I suspect that the issue is due to the fact that the shap_values
array has slight differences in its output format depending on the model used (e.g., XGBoost vs. RandomForestClassifier).
You can successfully generate SHAP analysis plots simply by adjusting the dimensions of the shap_values
array.
Since I don't have your data, I generated a sample dataset as an example for your reference:
import numpy as np
import pandas as pd
import shap
from sklearn.ensemble import RandomForestClassifier
from sklearn.model_selection import train_test_split
# Generate sample data
np.random.seed(42)
features = pd.DataFrame({
"feature_1": np.random.randint(18, 70, size=100),
"feature_2": np.random.randint(30000, 100000, size=100),
"feature_3": np.random.randint(1, 4, size=100),
"feature_4": np.random.randint(300, 850, size=100),
"feature_5": np.random.randint(1000, 50000, size=100)
})
target = np.random.randint(0, 2, size=100)
features_names = features.columns.tolist()
# The following code is just like your example.
X_train, X_test, y_train, y_test = train_test_split(features, target, test_size=0.2, random_state=42)
rf_model = RandomForestClassifier(n_estimators=100, random_state=42)

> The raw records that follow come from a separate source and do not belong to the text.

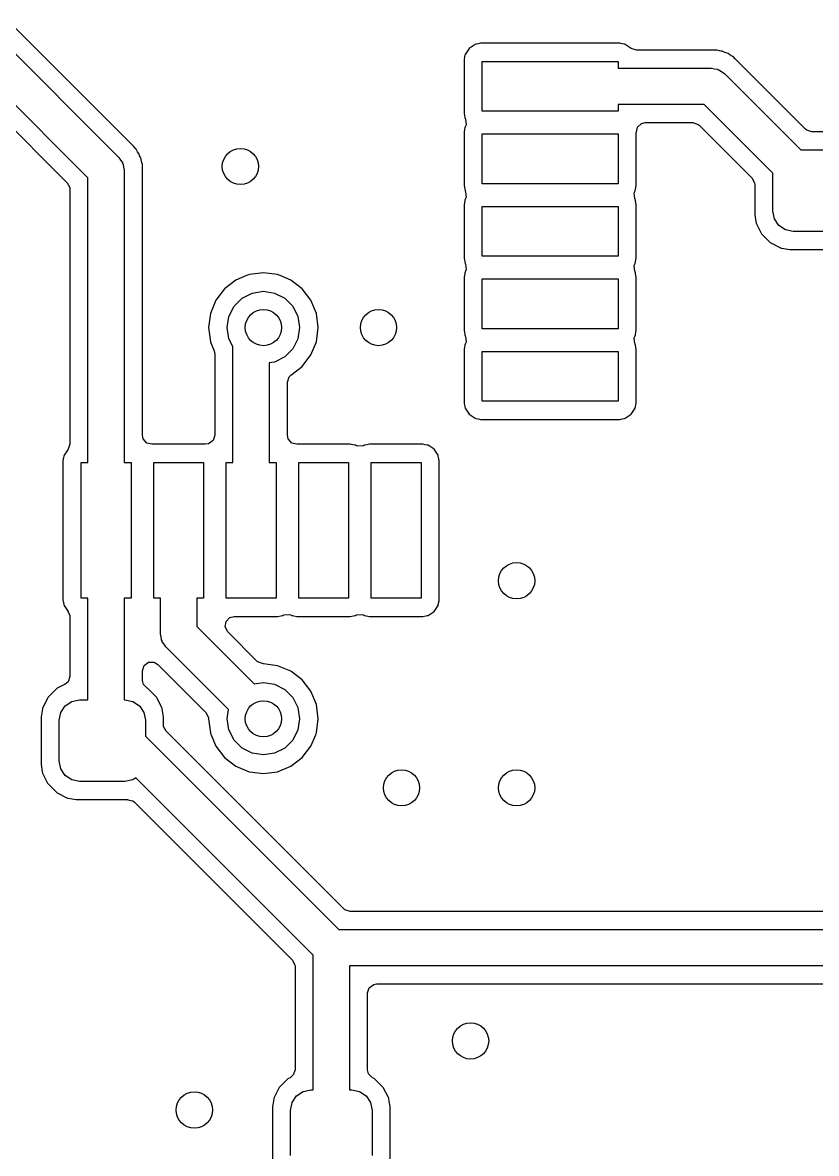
# Model space of a CAD drawing. Extents: x 3.91 to 7.47, y -4.88 to -2.92.
# Drawn here: x 6.0341 to 6.3789, y -3.9964 to -3.505 of the extents above; entities that cross this region are included whole.
import ezdxf

# ---------------------------------------------------------------- set-up
doc = ezdxf.new("R2010")
doc.units = 0
doc.header["$MEASUREMENT"] = 0
doc.layers.add('BLACK', color=7, linetype='CONTINUOUS')

msp = doc.modelspace()

# ---------------------------------------------------------------- linework, layer by layer
at = {"layer": 'BLACK', "linetype": 'CONTINUOUS'}
for p, q in [((6.00981, -3.49752), (6.07591, -3.56361)), ((6.08236, -3.5589), (6.02373, -3.50027)), ((6.06245, -3.57243), (5.99867, -3.50865)), ((6.22802, -3.5162), (6.22628, -3.51881)), ((6.23063, -3.51445), (6.22802, -3.5162)), ((6.23101, -3.51438), (6.23063, -3.51445)), ((6.2319, -3.5142), (6.23101, -3.51438)), ((6.23101, -3.51438), (6.23101, -3.51438)), ((6.23294, -3.51399), (6.2319, -3.5142)), ((6.29355, -3.51399), (6.23294, -3.51399)), ((6.29458, -3.5142), (6.29355, -3.51399)), ((6.29547, -3.51438), (6.29458, -3.5142)), ((6.29585, -3.51445), (6.29547, -3.51438)), ((6.29547, -3.51438), (6.29547, -3.51438)), ((6.29846, -3.5162), (6.29585, -3.51445)), ((6.29847, -3.51622), (6.29846, -3.5162)), ((6.30072, -3.51695), (6.29847, -3.51622)), ((6.33586, -3.51695), (6.30072, -3.51695)), ((6.33676, -3.51724), (6.33586, -3.51695)), ((6.33736, -3.51738), (6.33676, -3.51724)), ((6.33799, -3.51748), (6.33736, -3.51738)), ((6.33821, -3.51752), (6.33799, -3.51748)), ((6.33799, -3.51748), (6.33799, -3.51748)), ((6.33829, -3.51753), (6.33821, -3.51752)), ((6.33914, -3.51796), (6.33829, -3.51753)), ((6.3397, -3.5182), (6.33914, -3.51796)), ((6.34061, -3.51849), (6.3397, -3.5182)), ((6.00143, -3.52257), (6.05342, -3.57456)), ((6.22608, -3.5198), (6.22582, -3.52111)), ((6.22582, -3.52111), (6.22582, -3.54432)), ((6.2262, -3.51918), (6.22608, -3.5198)), ((6.22628, -3.51881), (6.2262, -3.51918)), ((6.2262, -3.51918), (6.2262, -3.51918)), ((6.23371, -3.54354), (6.23371, -3.52189)), ((6.23371, -3.52189), (6.29277, -3.52189)), ((6.29277, -3.52189), (6.29277, -3.52484)), ((6.34136, -3.51904), (6.34061, -3.51849)), ((6.34138, -3.51905), (6.34136, -3.51904)), ((6.3419, -3.51937), (6.34138, -3.51905)), ((6.34274, -3.5198), (6.3419, -3.51937)), ((6.34363, -3.52069), (6.34274, -3.5198)), ((6.37422, -3.55128), (6.34363, -3.52069)), ((6.34363, -3.52069), (6.34363, -3.52069)), ((6.29277, -3.52484), (6.33337, -3.52484)), ((6.33337, -3.52484), (6.33466, -3.52513)), ((6.33466, -3.52513), (6.33596, -3.52528)), ((6.33596, -3.52528), (6.33635, -3.52552)), ((6.33635, -3.52552), (6.33679, -3.52562)), ((6.33679, -3.52562), (6.33781, -3.52645)), ((6.33781, -3.52645), (6.33893, -3.52715)), ((6.33893, -3.52715), (6.37209, -3.56031)), ((6.3301, -3.54059), (6.29277, -3.54059)), ((6.29277, -3.54059), (6.29277, -3.54354)), ((6.35997, -3.57046), (6.3301, -3.54059)), ((6.22582, -3.54432), (6.22586, -3.54451)), ((6.22586, -3.54451), (6.22619, -3.5462)), ((6.22619, -3.5462), (6.22628, -3.54662)), ((6.22628, -3.54662), (6.22649, -3.54694)), ((6.22649, -3.54694), (6.2265, -3.54697)), ((6.2265, -3.54697), (6.22669, -3.54937)), ((6.29277, -3.54354), (6.23371, -3.54354)), ((6.22608, -3.55128), (6.22582, -3.55261)), ((6.22582, -3.55261), (6.22582, -3.57581)), ((6.2262, -3.55068), (6.22608, -3.55128)), ((6.22628, -3.5503), (6.2262, -3.55068)), ((6.2262, -3.55068), (6.2262, -3.55068)), ((6.22649, -3.54998), (6.22628, -3.5503)), ((6.2265, -3.54995), (6.22649, -3.54998)), ((6.22669, -3.54937), (6.2265, -3.54995)), ((6.30066, -3.57581), (6.30066, -3.55261)), ((6.30066, -3.55261), (6.30069, -3.55261)), ((6.30069, -3.55261), (6.30118, -3.55041)), ((6.30118, -3.55041), (6.30298, -3.54881)), ((6.30298, -3.54881), (6.30454, -3.54848)), ((6.30454, -3.54848), (6.32521, -3.54848)), ((6.32521, -3.54848), (6.32751, -3.54923)), ((6.32751, -3.54923), (6.32797, -3.54962)), ((6.32797, -3.54962), (6.35094, -3.57259)), ((6.37469, -3.55167), (6.37422, -3.55128)), ((6.37698, -3.55242), (6.37469, -3.55167)), ((6.38984, -3.55242), (6.37698, -3.55242)), ((6.23371, -3.57504), (6.23371, -3.55338)), ((6.23371, -3.55338), (6.29277, -3.55338)), ((6.29277, -3.55338), (6.29277, -3.57504)), ((6.08324, -3.55979), (6.08236, -3.5589)), ((6.08236, -3.5589), (6.08236, -3.5589)), ((6.08338, -3.56006), (6.08324, -3.55979)), ((6.08367, -3.56063), (6.08338, -3.56006)), ((6.08338, -3.56006), (6.08338, -3.56006)), ((6.08399, -3.56115), (6.08367, -3.56063)), ((6.08455, -3.56192), (6.08399, -3.56115)), ((6.08465, -3.56221), (6.08455, -3.56192)), ((6.08485, -3.56283), (6.08465, -3.56221)), ((6.08465, -3.56221), (6.08465, -3.56221)), ((6.37209, -3.56031), (6.38852, -3.56031)), ((6.07591, -3.56361), (6.0766, -3.56473)), ((6.0766, -3.56473), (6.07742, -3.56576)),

rf_model.fit(X_train, y_train)
y_pred = rf_model.predict(X_test)
explainer = shap.TreeExplainer(rf_model)
shap_values = explainer.shap_values(X_test)
# Adjust the dimensions of the shap_values object.
shap.summary_plot(shap_values[:,:,0], X_test, feature_names=features_names)
shap.summary_plot(shap_values[:,:,0], X_test, feature_names=features_names, plot_type="bar")
With the above, you can successfully run the SHAP analysis by simply adjusting shap_values
to shap_values[:,:,0]
.
As for what the third dimension of shap_values
represents when using RandomForestClassifier
, you can explore it further on your own.